Abstract EN:

In this thesis, we study two problems on stabilization of linear systems by static feedbacks which are bounded and time-delayed, namely global asymptotic stabilization and finite-gain stabilizability. Both continuous-time and discrete-time systems are considered. Regarding the problem of global asymptotic stabilization we provide, under standard necessary conditions, two different solutions for arbitrary small bound on the control and large (constant) delay. The first solution uses nested saturations, in the line of [MMN1], [MMN2], [SSY] and [YSS]. The second solution, a sort of "predictor-corrector", assumes the knowledge of a static stabilizing feedback law in the zero-delay case. For the finite-gain stabilizability issue, we assume that the system is neutrally stable.

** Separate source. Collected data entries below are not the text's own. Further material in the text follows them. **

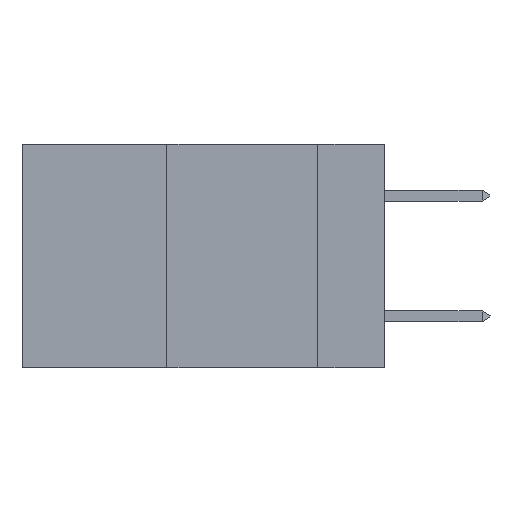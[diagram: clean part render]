
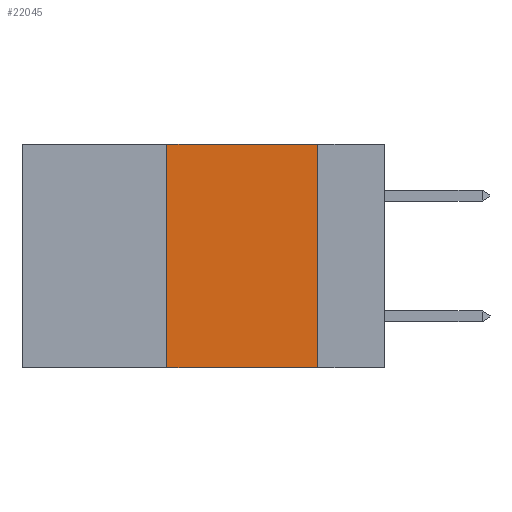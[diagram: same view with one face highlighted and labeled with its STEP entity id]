
A CAD part, left-side view. The second image highlights one B-rep face of the part: STEP entity #22045.
In plain terms, the highlighted planar face has unit normal (-1, 0, 0).
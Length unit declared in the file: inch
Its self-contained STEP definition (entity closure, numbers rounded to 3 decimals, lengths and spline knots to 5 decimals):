
#1239 = VERTEX_POINT ( 'NONE', #9851 ) ;
#3081 = CARTESIAN_POINT ( 'NONE',  ( 0., 0.6, 0. ) ) ;
#5157 = EDGE_CURVE ( 'NONE', #14841, #1239, #13500, .T. ) ;
#6022 = AXIS2_PLACEMENT_3D ( 'NONE', #30729, #27980, #6316 ) ;
#6316 = DIRECTION ( 'NONE',  ( 0., 0., -1. ) ) ;
#7015 = VERTEX_POINT ( 'NONE', #36208 ) ;
#7071 = CARTESIAN_POINT ( 'NONE',  ( 0., 0.11, 0. ) ) ;
#7631 = DIRECTION ( 'NONE',  ( 0., 0., -1. ) ) ;
#9851 = CARTESIAN_POINT ( 'NONE',  ( 0., 0.11, 0. ) ) ;
#11092 = CARTESIAN_POINT ( 'NONE',  ( 0., 0.6, -0.37 ) ) ;
#11878 = ORIENTED_EDGE ( 'NONE', *, *, #23689, .T. ) ;
#13500 = LINE ( 'NONE', #3081, #14215 ) ;
#14215 = VECTOR ( 'NONE', #14297, 39.37008 ) ;
#14231 = EDGE_LOOP ( 'NONE', ( #15259, #31933, #26361, #11878 ) ) ;
#14297 = DIRECTION ( 'NONE',  ( 0., -1., 0. ) ) ;
#14841 = VERTEX_POINT ( 'NONE', #26065 ) ;
#15259 = ORIENTED_EDGE ( 'NONE', *, *, #19959, .F. ) ;
#16166 = CARTESIAN_POINT ( 'NONE',  ( 0., 0.11, -0.37 ) ) ;
#19905 = LINE ( 'NONE', #11092, #27196 ) ;
#19959 = EDGE_CURVE ( 'NONE', #1239, #33418, #21423, .T. ) ;
#20996 = VECTOR ( 'NONE', #21238, 39.37008 ) ;
#21238 = DIRECTION ( 'NONE',  ( 0., 0., 1. ) ) ;
#21421 = CARTESIAN_POINT ( 'NONE',  ( 0., 0.36, 0. ) ) ;
#21423 = LINE ( 'NONE', #7071, #23046 ) ;
#22045 = ADVANCED_FACE ( 'NONE', ( #33468 ), #33293, .F. ) ;
#22490 = DIRECTION ( 'NONE',  ( 0., -1., 0. ) ) ;
#23046 = VECTOR ( 'NONE', #7631, 39.37008 ) ;
#23689 = EDGE_CURVE ( 'NONE', #7015, #33418, #19905, .T. ) ;
#26065 = CARTESIAN_POINT ( 'NONE',  ( 0., 0.36, 0. ) ) ;
#26361 = ORIENTED_EDGE ( 'NONE', *, *, #35540, .F. ) ;
#26878 = LINE ( 'NONE', #21421, #20996 ) ;
#27196 = VECTOR ( 'NONE', #22490, 39.37008 ) ;
#27980 = DIRECTION ( 'NONE',  ( 1., 0., 0. ) ) ;
#30729 = CARTESIAN_POINT ( 'NONE',  ( 0., 0.6, 0. ) ) ;
#31933 = ORIENTED_EDGE ( 'NONE', *, *, #5157, .F. ) ;
#33293 = PLANE ( 'NONE',  #6022 ) ;
#33418 = VERTEX_POINT ( 'NONE', #16166 ) ;
#33468 = FACE_OUTER_BOUND ( 'NONE', #14231, .T. ) ;
#35540 = EDGE_CURVE ( 'NONE', #7015, #14841, #26878, .T. ) ;
#36208 = CARTESIAN_POINT ( 'NONE',  ( 0., 0.36, -0.37 ) ) ;
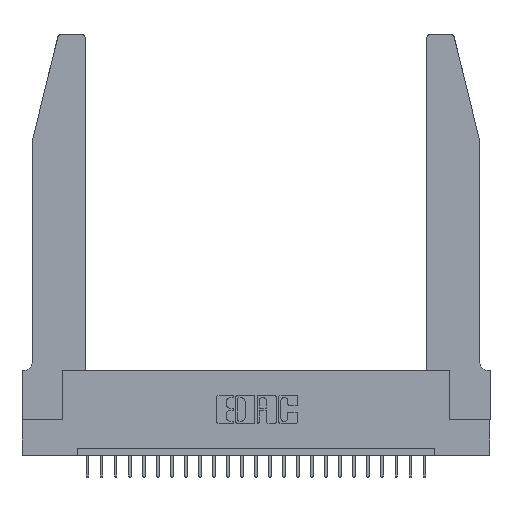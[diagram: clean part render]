
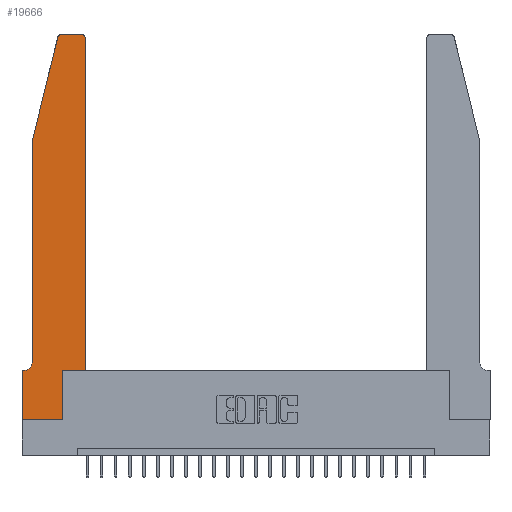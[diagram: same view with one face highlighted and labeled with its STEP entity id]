
A CAD part, top view. The second image highlights one B-rep face of the part: STEP entity #19666.
In plain terms, the highlighted planar face has unit normal (0, 0, 1).
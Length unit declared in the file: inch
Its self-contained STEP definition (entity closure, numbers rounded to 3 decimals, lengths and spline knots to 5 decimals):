
#44 = LINE ( 'NONE', #7718, #8840 ) ;
#342 = EDGE_CURVE ( 'NONE', #24350, #8407, #5939, .T. ) ;
#1142 = VERTEX_POINT ( 'NONE', #2765 ) ;
#1242 = AXIS2_PLACEMENT_3D ( 'NONE', #18867, #20820, #3056 ) ;
#1464 = ORIENTED_EDGE ( 'NONE', *, *, #25532, .T. ) ;
#1854 = DIRECTION ( 'NONE',  ( 0., -1., 0. ) ) ;
#1933 = ORIENTED_EDGE ( 'NONE', *, *, #6863, .T. ) ;
#2113 = AXIS2_PLACEMENT_3D ( 'NONE', #15263, #17402, #19083 ) ;
#2423 = EDGE_CURVE ( 'NONE', #25608, #8100, #19579, .T. ) ;
#2456 = VECTOR ( 'NONE', #14758, 39.37008 ) ;
#2646 = CARTESIAN_POINT ( 'NONE',  ( 0.4205, 2.75, 0.37 ) ) ;
#2706 = CARTESIAN_POINT ( 'NONE',  ( 0.0755, 2., 0.37 ) ) ;
#2765 = CARTESIAN_POINT ( 'NONE',  ( 0., 0., 0.37 ) ) ;
#3056 = DIRECTION ( 'NONE',  ( 1., 0., 0. ) ) ;
#3160 = ORIENTED_EDGE ( 'NONE', *, *, #342, .T. ) ;
#4125 = CARTESIAN_POINT ( 'NONE',  ( 0.4505, 0.35, 0.37 ) ) ;
#4272 = EDGE_CURVE ( 'NONE', #8407, #16023, #17249, .T. ) ;
#4421 = DIRECTION ( 'NONE',  ( 0., 1., 0. ) ) ;
#4674 = CARTESIAN_POINT ( 'NONE',  ( 0.0755, 0.35, 0.37 ) ) ;
#4964 = CARTESIAN_POINT ( 'NONE',  ( 0.0755, 2., 0.37 ) ) ;
#5587 = ORIENTED_EDGE ( 'NONE', *, *, #22084, .T. ) ;
#5939 = LINE ( 'NONE', #22624, #18707 ) ;
#6863 = EDGE_CURVE ( 'NONE', #8203, #24350, #16548, .T. ) ;
#7333 = AXIS2_PLACEMENT_3D ( 'NONE', #18535, #24475, #8673 ) ;
#7586 = AXIS2_PLACEMENT_3D ( 'NONE', #24987, #24915, #12925 ) ;
#7718 = CARTESIAN_POINT ( 'NONE',  ( 0., 0., 0.37 ) ) ;
#7865 = FACE_OUTER_BOUND ( 'NONE', #18715, .T. ) ;
#8100 = VERTEX_POINT ( 'NONE', #4125 ) ;
#8203 = VERTEX_POINT ( 'NONE', #16066 ) ;
#8407 = VERTEX_POINT ( 'NONE', #17975 ) ;
#8673 = DIRECTION ( 'NONE',  ( -1., 0., 0. ) ) ;
#8840 = VECTOR ( 'NONE', #1854, 39.37008 ) ;
#8842 = DIRECTION ( 'NONE',  ( -1., 0., 0. ) ) ;
#8990 = DIRECTION ( 'NONE',  ( 1., 0., 0. ) ) ;
#9147 = EDGE_CURVE ( 'NONE', #17560, #13551, #11936, .T. ) ;
#9151 = DIRECTION ( 'NONE',  ( 1., 0., 0. ) ) ;
#9728 = CARTESIAN_POINT ( 'NONE',  ( 0.0055, 0.35, 0.37 ) ) ;
#9859 = ORIENTED_EDGE ( 'NONE', *, *, #4272, .T. ) ;
#10024 = ORIENTED_EDGE ( 'NONE', *, *, #23371, .T. ) ;
#10175 = VECTOR ( 'NONE', #9151, 39.37008 ) ;
#10719 = VECTOR ( 'NONE', #23475, 39.37008 ) ;
#10767 = CARTESIAN_POINT ( 'NONE',  ( 0.2865, 0.35, 0.37 ) ) ;
#11580 = ORIENTED_EDGE ( 'NONE', *, *, #2423, .T. ) ;
#11936 = LINE ( 'NONE', #21304, #10719 ) ;
#12528 = DIRECTION ( 'NONE',  ( 0., -1., 0. ) ) ;
#12654 = EDGE_CURVE ( 'NONE', #20832, #17560, #21929, .T. ) ;
#12674 = VERTEX_POINT ( 'NONE', #14831 ) ;
#12921 = CARTESIAN_POINT ( 'NONE',  ( 0.4505, 0.35, 0.37 ) ) ;
#12925 = DIRECTION ( 'NONE',  ( 1., 0., 0. ) ) ;
#13551 = VERTEX_POINT ( 'NONE', #17514 ) ;
#14483 = EDGE_CURVE ( 'NONE', #8100, #20832, #14913, .T. ) ;
#14505 = VECTOR ( 'NONE', #8990, 39.37008 ) ;
#14758 = DIRECTION ( 'NONE',  ( 0., 1., 0. ) ) ;
#14831 = CARTESIAN_POINT ( 'NONE',  ( 0.2865, 0., 0.37 ) ) ;
#14913 = LINE ( 'NONE', #12921, #2456 ) ;
#15263 = CARTESIAN_POINT ( 'NONE',  ( 0.284, 2.72, 0.37 ) ) ;
#15326 = EDGE_CURVE ( 'NONE', #16023, #23756, #25230, .T. ) ;
#15534 = VECTOR ( 'NONE', #4421, 39.37008 ) ;
#15767 = ORIENTED_EDGE ( 'NONE', *, *, #12654, .T. ) ;
#16023 = VERTEX_POINT ( 'NONE', #9728 ) ;
#16066 = CARTESIAN_POINT ( 'NONE',  ( 0.25487, 2.72718, 0.37 ) ) ;
#16417 = ORIENTED_EDGE ( 'NONE', *, *, #15326, .T. ) ;
#16506 = CARTESIAN_POINT ( 'NONE',  ( 0.2865, 0.35, 0.37 ) ) ;
#16548 = LINE ( 'NONE', #4964, #19079 ) ;
#17168 = CARTESIAN_POINT ( 'NONE',  ( 0.4505, 0.35, 0.37 ) ) ;
#17249 = CIRCLE ( 'NONE', #7333, 0.07 ) ;
#17402 = DIRECTION ( 'NONE',  ( 0., 0., 1. ) ) ;
#17514 = CARTESIAN_POINT ( 'NONE',  ( 0.284, 2.75, 0.37 ) ) ;
#17560 = VERTEX_POINT ( 'NONE', #2646 ) ;
#17975 = CARTESIAN_POINT ( 'NONE',  ( 0.0755, 0.42, 0.37 ) ) ;
#18037 = VECTOR ( 'NONE', #8842, 39.37008 ) ;
#18535 = CARTESIAN_POINT ( 'NONE',  ( 0.0055, 0.42, 0.37 ) ) ;
#18707 = VECTOR ( 'NONE', #12528, 39.37008 ) ;
#18715 = EDGE_LOOP ( 'NONE', ( #21471, #19552, #1933, #3160, #9859, #16417, #10024, #5587, #1464, #11580, #22810, #15767 ) ) ;
#18867 = CARTESIAN_POINT ( 'NONE',  ( 0.4205, 2.72, 0.37 ) ) ;
#19079 = VECTOR ( 'NONE', #23248, 39.37008 ) ;
#19083 = DIRECTION ( 'NONE',  ( 1., 0., 0. ) ) ;
#19552 = ORIENTED_EDGE ( 'NONE', *, *, #23257, .T. ) ;
#19579 = LINE ( 'NONE', #17168, #14505 ) ;
#19666 = ADVANCED_FACE ( 'NONE', ( #7865 ), #25153, .T. ) ;
#20170 = LINE ( 'NONE', #23131, #10175 ) ;
#20412 = CIRCLE ( 'NONE', #2113, 0.03 ) ;
#20592 = LINE ( 'NONE', #16506, #15534 ) ;
#20743 = CARTESIAN_POINT ( 'NONE',  ( 0., 0.35, 0.37 ) ) ;
#20820 = DIRECTION ( 'NONE',  ( 0., 0., 1. ) ) ;
#20832 = VERTEX_POINT ( 'NONE', #24585 ) ;
#21304 = CARTESIAN_POINT ( 'NONE',  ( 0.2605, 2.75, 0.37 ) ) ;
#21471 = ORIENTED_EDGE ( 'NONE', *, *, #9147, .T. ) ;
#21929 = CIRCLE ( 'NONE', #1242, 0.03 ) ;
#22084 = EDGE_CURVE ( 'NONE', #1142, #12674, #20170, .T. ) ;
#22624 = CARTESIAN_POINT ( 'NONE',  ( 0.0755, 2., 0.37 ) ) ;
#22810 = ORIENTED_EDGE ( 'NONE', *, *, #14483, .T. ) ;
#23131 = CARTESIAN_POINT ( 'NONE',  ( 0., 0., 0.37 ) ) ;
#23248 = DIRECTION ( 'NONE',  ( -0.239, -0.971, 0. ) ) ;
#23257 = EDGE_CURVE ( 'NONE', #13551, #8203, #20412, .T. ) ;
#23371 = EDGE_CURVE ( 'NONE', #23756, #1142, #44, .T. ) ;
#23475 = DIRECTION ( 'NONE',  ( -1., 0., 0. ) ) ;
#23756 = VERTEX_POINT ( 'NONE', #20743 ) ;
#24350 = VERTEX_POINT ( 'NONE', #2706 ) ;
#24475 = DIRECTION ( 'NONE',  ( 0., 0., -1. ) ) ;
#24585 = CARTESIAN_POINT ( 'NONE',  ( 0.4505, 2.72, 0.37 ) ) ;
#24915 = DIRECTION ( 'NONE',  ( 0., 0., 1. ) ) ;
#24987 = CARTESIAN_POINT ( 'NONE',  ( 0., 0.35, 0.37 ) ) ;
#25153 = PLANE ( 'NONE',  #7586 ) ;
#25230 = LINE ( 'NONE', #4674, #18037 ) ;
#25532 = EDGE_CURVE ( 'NONE', #12674, #25608, #20592, .T. ) ;
#25608 = VERTEX_POINT ( 'NONE', #10767 ) ;
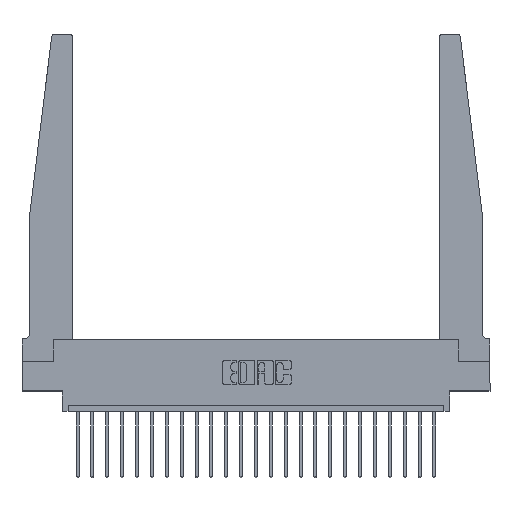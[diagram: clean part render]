
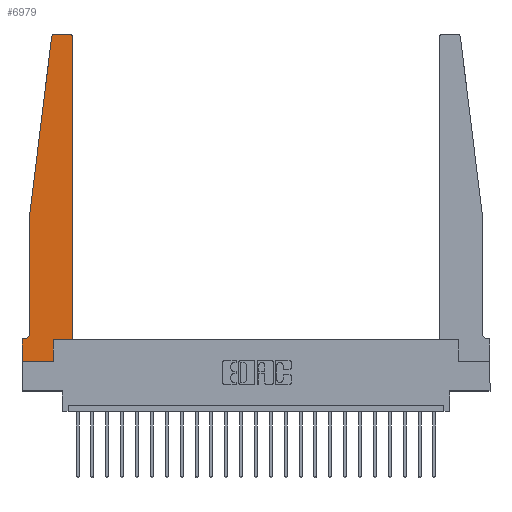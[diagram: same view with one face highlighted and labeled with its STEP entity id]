
A CAD part, top view. The second image highlights one B-rep face of the part: STEP entity #6979.
In plain terms, the highlighted planar face has unit normal (0, 0, 1).
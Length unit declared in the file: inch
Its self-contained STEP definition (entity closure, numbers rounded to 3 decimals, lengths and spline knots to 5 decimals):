
#6 = CARTESIAN_POINT ( 'NONE',  ( 0.065, 1.25, 0.37 ) ) ;
#125 = VERTEX_POINT ( 'NONE', #12398 ) ;
#268 = LINE ( 'NONE', #7439, #9133 ) ;
#557 = DIRECTION ( 'NONE',  ( 1., 0., 0. ) ) ;
#817 = LINE ( 'NONE', #7994, #10385 ) ;
#1087 = CARTESIAN_POINT ( 'NONE',  ( 0., 0.1875, 0.37 ) ) ;
#1590 = CARTESIAN_POINT ( 'NONE',  ( 0., 0., 0.37 ) ) ;
#1688 = DIRECTION ( 'NONE',  ( -1., 0., 0. ) ) ;
#2077 = CARTESIAN_POINT ( 'NONE',  ( 0.425, 0.18, 0.37 ) ) ;
#2179 = ORIENTED_EDGE ( 'NONE', *, *, #3406, .T. ) ;
#2394 = VECTOR ( 'NONE', #15839, 39.37008 ) ;
#2507 = ORIENTED_EDGE ( 'NONE', *, *, #20130, .T. ) ;
#2722 = EDGE_CURVE ( 'NONE', #17633, #21827, #5239, .T. ) ;
#3028 = AXIS2_PLACEMENT_3D ( 'NONE', #1087, #3186, #12027 ) ;
#3186 = DIRECTION ( 'NONE',  ( 0., 0., 1. ) ) ;
#3219 = EDGE_CURVE ( 'NONE', #17443, #17528, #10936, .T. ) ;
#3394 = DIRECTION ( 'NONE',  ( -0.122, -0.992, 0. ) ) ;
#3406 = EDGE_CURVE ( 'NONE', #19686, #18601, #3558, .T. ) ;
#3539 = VECTOR ( 'NONE', #557, 39.37008 ) ;
#3558 = LINE ( 'NONE', #18089, #7945 ) ;
#3643 = ORIENTED_EDGE ( 'NONE', *, *, #18299, .T. ) ;
#3867 = DIRECTION ( 'NONE',  ( 1., 0., 0. ) ) ;
#4077 = CARTESIAN_POINT ( 'NONE',  ( 0.395, 2.72, 0.37 ) ) ;
#4380 = ORIENTED_EDGE ( 'NONE', *, *, #9364, .T. ) ;
#4556 = CARTESIAN_POINT ( 'NONE',  ( 0.2605, 0.18, 0.37 ) ) ;
#4644 = DIRECTION ( 'NONE',  ( 0., 0., 1. ) ) ;
#4751 = DIRECTION ( 'NONE',  ( 0., 1., 0. ) ) ;
#5239 = CIRCLE ( 'NONE', #18317, 0.05 ) ;
#5667 = DIRECTION ( 'NONE',  ( 0., -1., 0. ) ) ;
#6201 = DIRECTION ( 'NONE',  ( -1., 0., 0. ) ) ;
#6222 = EDGE_CURVE ( 'NONE', #125, #10452, #20614, .T. ) ;
#6443 = ORIENTED_EDGE ( 'NONE', *, *, #22070, .T. ) ;
#6451 = EDGE_CURVE ( 'NONE', #13074, #12194, #15081, .T. ) ;
#6597 = PLANE ( 'NONE',  #3028 ) ;
#6870 = DIRECTION ( 'NONE',  ( 0., 0., -1. ) ) ;
#6979 = ADVANCED_FACE ( 'NONE', ( #19230 ), #6597, .T. ) ;
#7439 = CARTESIAN_POINT ( 'NONE',  ( 0., 0., 0.37 ) ) ;
#7535 = CARTESIAN_POINT ( 'NONE',  ( 0.015, 0.1875, 0.37 ) ) ;
#7945 = VECTOR ( 'NONE', #5667, 39.37008 ) ;
#7994 = CARTESIAN_POINT ( 'NONE',  ( 0.065, 0.1875, 0.37 ) ) ;
#8774 = CARTESIAN_POINT ( 'NONE',  ( 0.27653, 2.75, 0.37 ) ) ;
#9133 = VECTOR ( 'NONE', #14604, 39.37008 ) ;
#9364 = EDGE_CURVE ( 'NONE', #18601, #125, #268, .T. ) ;
#10270 = EDGE_LOOP ( 'NONE', ( #17230, #20297, #3643, #10740, #16246, #6443, #2179, #4380, #22250, #2507, #11948, #12533 ) ) ;
#10385 = VECTOR ( 'NONE', #6201, 39.37008 ) ;
#10452 = VERTEX_POINT ( 'NONE', #21460 ) ;
#10621 = CARTESIAN_POINT ( 'NONE',  ( 0.425, 2.72, 0.37 ) ) ;
#10740 = ORIENTED_EDGE ( 'NONE', *, *, #22383, .T. ) ;
#10936 = CIRCLE ( 'NONE', #11666, 0.03 ) ;
#10952 = CARTESIAN_POINT ( 'NONE',  ( 0.395, 2.75, 0.37 ) ) ;
#11102 = CARTESIAN_POINT ( 'NONE',  ( 0.24675, 2.72367, 0.37 ) ) ;
#11163 = CARTESIAN_POINT ( 'NONE',  ( 0., 0.1875, 0.37 ) ) ;
#11248 = CARTESIAN_POINT ( 'NONE',  ( 0.065, 1.25, 0.37 ) ) ;
#11479 = VECTOR ( 'NONE', #18837, 39.37008 ) ;
#11480 = LINE ( 'NONE', #11248, #20809 ) ;
#11559 = CARTESIAN_POINT ( 'NONE',  ( 0.065, 0.2375, 0.37 ) ) ;
#11594 = DIRECTION ( 'NONE',  ( 0., -1., 0. ) ) ;
#11666 = AXIS2_PLACEMENT_3D ( 'NONE', #20693, #4644, #11840 ) ;
#11715 = LINE ( 'NONE', #18678, #11954 ) ;
#11840 = DIRECTION ( 'NONE',  ( 1., 0., 0. ) ) ;
#11948 = ORIENTED_EDGE ( 'NONE', *, *, #15400, .T. ) ;
#11954 = VECTOR ( 'NONE', #4751, 39.37008 ) ;
#12027 = DIRECTION ( 'NONE',  ( 1., 0., 0. ) ) ;
#12194 = VERTEX_POINT ( 'NONE', #10952 ) ;
#12398 = CARTESIAN_POINT ( 'NONE',  ( 0.2605, 0., 0.37 ) ) ;
#12533 = ORIENTED_EDGE ( 'NONE', *, *, #6451, .T. ) ;
#12856 = AXIS2_PLACEMENT_3D ( 'NONE', #4077, #19895, #3867 ) ;
#13074 = VERTEX_POINT ( 'NONE', #10621 ) ;
#14604 = DIRECTION ( 'NONE',  ( 1., 0., 0. ) ) ;
#14930 = CARTESIAN_POINT ( 'NONE',  ( 0.425, 0.18, 0.37 ) ) ;
#15081 = CIRCLE ( 'NONE', #12856, 0.03 ) ;
#15400 = EDGE_CURVE ( 'NONE', #16186, #13074, #11715, .T. ) ;
#15839 = DIRECTION ( 'NONE',  ( -1., 0., 0. ) ) ;
#16186 = VERTEX_POINT ( 'NONE', #14930 ) ;
#16246 = ORIENTED_EDGE ( 'NONE', *, *, #2722, .T. ) ;
#17230 = ORIENTED_EDGE ( 'NONE', *, *, #19537, .T. ) ;
#17443 = VERTEX_POINT ( 'NONE', #8774 ) ;
#17528 = VERTEX_POINT ( 'NONE', #11102 ) ;
#17633 = VERTEX_POINT ( 'NONE', #11559 ) ;
#18089 = CARTESIAN_POINT ( 'NONE',  ( 0., 0., 0.37 ) ) ;
#18299 = EDGE_CURVE ( 'NONE', #17528, #21122, #20976, .T. ) ;
#18317 = AXIS2_PLACEMENT_3D ( 'NONE', #22907, #6870, #1688 ) ;
#18601 = VERTEX_POINT ( 'NONE', #1590 ) ;
#18678 = CARTESIAN_POINT ( 'NONE',  ( 0.425, 0.18, 0.37 ) ) ;
#18837 = DIRECTION ( 'NONE',  ( 0., 1., 0. ) ) ;
#19230 = FACE_OUTER_BOUND ( 'NONE', #10270, .T. ) ;
#19537 = EDGE_CURVE ( 'NONE', #12194, #17443, #20982, .T. ) ;
#19686 = VERTEX_POINT ( 'NONE', #11163 ) ;
#19895 = DIRECTION ( 'NONE',  ( 0., 0., 1. ) ) ;
#20130 = EDGE_CURVE ( 'NONE', #10452, #16186, #21868, .T. ) ;
#20297 = ORIENTED_EDGE ( 'NONE', *, *, #3219, .T. ) ;
#20614 = LINE ( 'NONE', #4556, #11479 ) ;
#20693 = CARTESIAN_POINT ( 'NONE',  ( 0.27653, 2.72, 0.37 ) ) ;
#20809 = VECTOR ( 'NONE', #11594, 39.37008 ) ;
#20976 = LINE ( 'NONE', #6, #21369 ) ;
#20982 = LINE ( 'NONE', #22972, #2394 ) ;
#21122 = VERTEX_POINT ( 'NONE', #22189 ) ;
#21369 = VECTOR ( 'NONE', #3394, 39.37008 ) ;
#21460 = CARTESIAN_POINT ( 'NONE',  ( 0.2605, 0.18, 0.37 ) ) ;
#21827 = VERTEX_POINT ( 'NONE', #7535 ) ;
#21868 = LINE ( 'NONE', #2077, #3539 ) ;
#22070 = EDGE_CURVE ( 'NONE', #21827, #19686, #817, .T. ) ;
#22189 = CARTESIAN_POINT ( 'NONE',  ( 0.065, 1.25, 0.37 ) ) ;
#22250 = ORIENTED_EDGE ( 'NONE', *, *, #6222, .T. ) ;
#22383 = EDGE_CURVE ( 'NONE', #21122, #17633, #11480, .T. ) ;
#22907 = CARTESIAN_POINT ( 'NONE',  ( 0.015, 0.2375, 0.37 ) ) ;
#22972 = CARTESIAN_POINT ( 'NONE',  ( 0.25, 2.75, 0.37 ) ) ;

We show the existence of a linear feedback such that, for arbitrary small bound on the control and large (constant) delay, finite-gain stability holds. Moreover, the corresponding gains are delay-independent for all [dollar]p \in [1,\infty]. [dollar] Generally speaking, our treatment of the aforementioned issues on time-delay systems follows a common pattern. We always try to reformulate them as problems for perturbed delay-free systems and handle the perturbation by Lyapunov techniques or by a careful trajectory analysis. That strategy works well because the input saturation makes the perturbation uniformly bounded with respect to the delay.